Excerpts from a dataset:
···

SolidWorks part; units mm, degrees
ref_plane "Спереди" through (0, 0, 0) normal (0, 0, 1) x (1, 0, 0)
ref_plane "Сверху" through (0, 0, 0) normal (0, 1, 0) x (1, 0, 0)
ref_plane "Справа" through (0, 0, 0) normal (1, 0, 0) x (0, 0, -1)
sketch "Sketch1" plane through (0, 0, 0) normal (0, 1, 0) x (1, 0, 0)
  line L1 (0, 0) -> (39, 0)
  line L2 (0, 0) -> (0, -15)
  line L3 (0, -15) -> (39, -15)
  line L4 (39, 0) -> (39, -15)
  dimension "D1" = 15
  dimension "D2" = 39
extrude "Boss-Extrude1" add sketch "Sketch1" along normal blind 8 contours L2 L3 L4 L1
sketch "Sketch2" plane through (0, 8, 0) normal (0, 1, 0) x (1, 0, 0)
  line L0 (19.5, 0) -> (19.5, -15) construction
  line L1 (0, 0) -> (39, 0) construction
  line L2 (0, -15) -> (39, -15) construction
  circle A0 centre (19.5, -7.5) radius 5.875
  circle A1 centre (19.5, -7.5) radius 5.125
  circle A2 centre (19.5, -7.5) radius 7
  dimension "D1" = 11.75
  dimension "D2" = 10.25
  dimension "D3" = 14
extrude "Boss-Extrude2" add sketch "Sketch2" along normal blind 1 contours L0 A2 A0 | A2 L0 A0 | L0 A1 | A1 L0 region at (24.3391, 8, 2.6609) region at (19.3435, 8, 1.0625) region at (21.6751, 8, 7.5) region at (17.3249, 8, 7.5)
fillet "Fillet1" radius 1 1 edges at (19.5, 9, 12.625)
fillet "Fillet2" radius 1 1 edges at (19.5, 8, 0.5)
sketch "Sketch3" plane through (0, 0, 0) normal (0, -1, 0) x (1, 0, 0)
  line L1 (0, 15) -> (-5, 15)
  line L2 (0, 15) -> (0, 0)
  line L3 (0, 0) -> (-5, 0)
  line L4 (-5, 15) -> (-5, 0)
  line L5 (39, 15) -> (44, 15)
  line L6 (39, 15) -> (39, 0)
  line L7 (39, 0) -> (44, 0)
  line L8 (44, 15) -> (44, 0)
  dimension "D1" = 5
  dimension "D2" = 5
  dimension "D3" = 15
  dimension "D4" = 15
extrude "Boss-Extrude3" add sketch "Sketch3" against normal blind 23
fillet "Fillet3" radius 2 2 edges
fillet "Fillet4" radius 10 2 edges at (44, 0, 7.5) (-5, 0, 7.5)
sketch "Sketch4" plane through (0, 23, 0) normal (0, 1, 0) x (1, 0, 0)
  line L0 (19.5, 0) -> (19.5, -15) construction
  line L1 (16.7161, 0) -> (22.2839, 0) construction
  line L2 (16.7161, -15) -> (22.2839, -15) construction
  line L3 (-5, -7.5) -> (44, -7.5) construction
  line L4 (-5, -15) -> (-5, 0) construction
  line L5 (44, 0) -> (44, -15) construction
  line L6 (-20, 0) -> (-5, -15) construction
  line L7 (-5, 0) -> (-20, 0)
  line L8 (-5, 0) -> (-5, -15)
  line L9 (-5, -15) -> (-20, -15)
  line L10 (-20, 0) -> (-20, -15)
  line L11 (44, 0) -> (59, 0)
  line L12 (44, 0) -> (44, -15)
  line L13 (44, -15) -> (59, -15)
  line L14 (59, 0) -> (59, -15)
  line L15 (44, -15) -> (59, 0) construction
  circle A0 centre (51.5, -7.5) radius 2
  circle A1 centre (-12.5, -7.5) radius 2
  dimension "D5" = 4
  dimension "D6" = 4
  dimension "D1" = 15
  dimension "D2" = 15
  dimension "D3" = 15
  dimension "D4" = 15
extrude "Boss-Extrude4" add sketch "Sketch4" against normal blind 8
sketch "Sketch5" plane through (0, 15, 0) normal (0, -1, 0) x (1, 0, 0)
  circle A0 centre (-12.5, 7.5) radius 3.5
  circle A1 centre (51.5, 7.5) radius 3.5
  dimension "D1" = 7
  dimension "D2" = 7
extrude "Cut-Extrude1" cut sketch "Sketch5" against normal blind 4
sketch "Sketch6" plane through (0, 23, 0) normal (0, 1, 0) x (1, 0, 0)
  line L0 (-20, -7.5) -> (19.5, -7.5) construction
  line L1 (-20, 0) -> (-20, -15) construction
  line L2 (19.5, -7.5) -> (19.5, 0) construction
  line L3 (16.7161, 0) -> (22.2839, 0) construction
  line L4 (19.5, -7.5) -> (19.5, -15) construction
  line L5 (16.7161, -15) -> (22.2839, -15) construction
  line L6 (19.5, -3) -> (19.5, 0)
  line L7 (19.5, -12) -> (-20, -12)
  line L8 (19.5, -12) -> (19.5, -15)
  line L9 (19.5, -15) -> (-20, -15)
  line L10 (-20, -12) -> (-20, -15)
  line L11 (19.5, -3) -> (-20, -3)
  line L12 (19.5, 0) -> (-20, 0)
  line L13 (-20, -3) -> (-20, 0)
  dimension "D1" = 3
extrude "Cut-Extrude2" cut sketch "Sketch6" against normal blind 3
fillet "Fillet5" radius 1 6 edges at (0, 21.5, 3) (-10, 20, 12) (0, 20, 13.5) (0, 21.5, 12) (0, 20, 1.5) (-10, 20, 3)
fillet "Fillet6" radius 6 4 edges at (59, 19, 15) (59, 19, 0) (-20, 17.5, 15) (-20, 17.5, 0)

···

> TASK PROMPT
Set down each entry exactly as it appears above.

> OUTPUT FOR THIS TASK
SolidWorks part; units mm, degrees
ref_plane "Спереди" through (0, 0, 0) normal (0, 0, 1) x (1, 0, 0)
ref_plane "Сверху" through (0, 0, 0) normal (0, 1, 0) x (1, 0, 0)
ref_plane "Справа" through (0, 0, 0) normal (1, 0, 0) x (0, 0, -1)
sketch "Sketch1" plane through (0, 0, 0) normal (0, 1, 0) x (1, 0, 0)
  line L1 (0, 0) -> (39, 0)
  line L2 (0, 0) -> (0, -15)
  line L3 (0, -15) -> (39, -15)
  line L4 (39, 0) -> (39, -15)
  dimension "D1" = 15
  dimension "D2" = 39
extrude "Boss-Extrude1" add sketch "Sketch1" along normal blind 8 contours L2 L3 L4 L1
sketch "Sketch2" plane through (0, 8, 0) normal (0, 1, 0) x (1, 0, 0)
  line L0 (19.5, 0) -> (19.5, -15) construction
  line L1 (0, 0) -> (39, 0) construction
  line L2 (0, -15) -> (39, -15) construction
  circle A0 centre (19.5, -7.5) radius 5.875
  circle A1 centre (19.5, -7.5) radius 5.125
  circle A2 centre (19.5, -7.5) radius 7
  dimension "D1" = 11.75
  dimension "D2" = 10.25
  dimension "D3" = 14
extrude "Boss-Extrude2" add sketch "Sketch2" along normal blind 1 contours L0 A2 A0 | A2 L0 A0 | L0 A1 | A1 L0 region at (24.3391, 8, 2.6609) region at (19.3435, 8, 1.0625) region at (21.6751, 8, 7.5) region at (17.3249, 8, 7.5)
fillet "Fillet1" radius 1 1 edges at (19.5, 9, 12.625)
fillet "Fillet2" radius 1 1 edges at (19.5, 8, 0.5)
sketch "Sketch3" plane through (0, 0, 0) normal (0, -1, 0) x (1, 0, 0)
  line L1 (0, 15) -> (-5, 15)
  line L2 (0, 15) -> (0, 0)
  line L3 (0, 0) -> (-5, 0)
  line L4 (-5, 15) -> (-5, 0)
  line L5 (39, 15) -> (44, 15)
  line L6 (39, 15) -> (39, 0)
  line L7 (39, 0) -> (44, 0)
  line L8 (44, 15) -> (44, 0)
  dimension "D1" = 5
  dimension "D2" = 5
  dimension "D3" = 15
  dimension "D4" = 15
extrude "Boss-Extrude3" add sketch "Sketch3" against normal blind 23
fillet "Fillet3" radius 2 2 edges
fillet "Fillet4" radius 10 2 edges at (44, 0, 7.5) (-5, 0, 7.5)
sketch "Sketch4" plane through (0, 23, 0) normal (0, 1, 0) x (1, 0, 0)
  line L0 (19.5, 0) -> (19.5, -15) construction
  line L1 (16.7161, 0) -> (22.2839, 0) construction
  line L2 (16.7161, -15) -> (22.2839, -15) construction
  line L3 (-5, -7.5) -> (44, -7.5) construction
  line L4 (-5, -15) -> (-5, 0) construction
  line L5 (44, 0) -> (44, -15) construction
  line L6 (-20, 0) -> (-5, -15) construction
  line L7 (-5, 0) -> (-20, 0)
  line L8 (-5, 0) -> (-5, -15)
  line L9 (-5, -15) -> (-20, -15)
  line L10 (-20, 0) -> (-20, -15)
  line L11 (44, 0) -> (59, 0)
  line L12 (44, 0) -> (44, -15)
  line L13 (44, -15) -> (59, -15)
  line L14 (59, 0) -> (59, -15)
  line L15 (44, -15) -> (59, 0) construction
  circle A0 centre (51.5, -7.5) radius 2
  circle A1 centre (-12.5, -7.5) radius 2
  dimension "D5" = 4
  dimension "D6" = 4
  dimension "D1" = 15
  dimension "D2" = 15
  dimension "D3" = 15
  dimension "D4" = 15
extrude "Boss-Extrude4" add sketch "Sketch4" against normal blind 8
sketch "Sketch5" plane through (0, 15, 0) normal (0, -1, 0) x (1, 0, 0)
  circle A0 centre (-12.5, 7.5) radius 3.5
  circle A1 centre (51.5, 7.5) radius 3.5
  dimension "D1" = 7
  dimension "D2" = 7
extrude "Cut-Extrude1" cut sketch "Sketch5" against normal blind 4
sketch "Sketch6" plane through (0, 23, 0) normal (0, 1, 0) x (1, 0, 0)
  line L0 (-20, -7.5) -> (19.5, -7.5) construction
  line L1 (-20, 0) -> (-20, -15) construction
  line L2 (19.5, -7.5) -> (19.5, 0) construction
  line L3 (16.7161, 0) -> (22.2839, 0) construction
  line L4 (19.5, -7.5) -> (19.5, -15) construction
  line L5 (16.7161, -15) -> (22.2839, -15) construction
  line L6 (19.5, -3) -> (19.5, 0)
  line L7 (19.5, -12) -> (-20, -12)
  line L8 (19.5, -12) -> (19.5, -15)
  line L9 (19.5, -15) -> (-20, -15)
  line L10 (-20, -12) -> (-20, -15)
  line L11 (19.5, -3) -> (-20, -3)
  line L12 (19.5, 0) -> (-20, 0)
  line L13 (-20, -3) -> (-20, 0)
  dimension "D1" = 3
extrude "Cut-Extrude2" cut sketch "Sketch6" against normal blind 3
fillet "Fillet5" radius 1 6 edges at (0, 21.5, 3) (-10, 20, 12) (0, 20, 13.5) (0, 21.5, 12) (0, 20, 1.5) (-10, 20, 3)
fillet "Fillet6" radius 6 4 edges at (59, 19, 15) (59, 19, 0) (-20, 17.5, 15) (-20, 17.5, 0)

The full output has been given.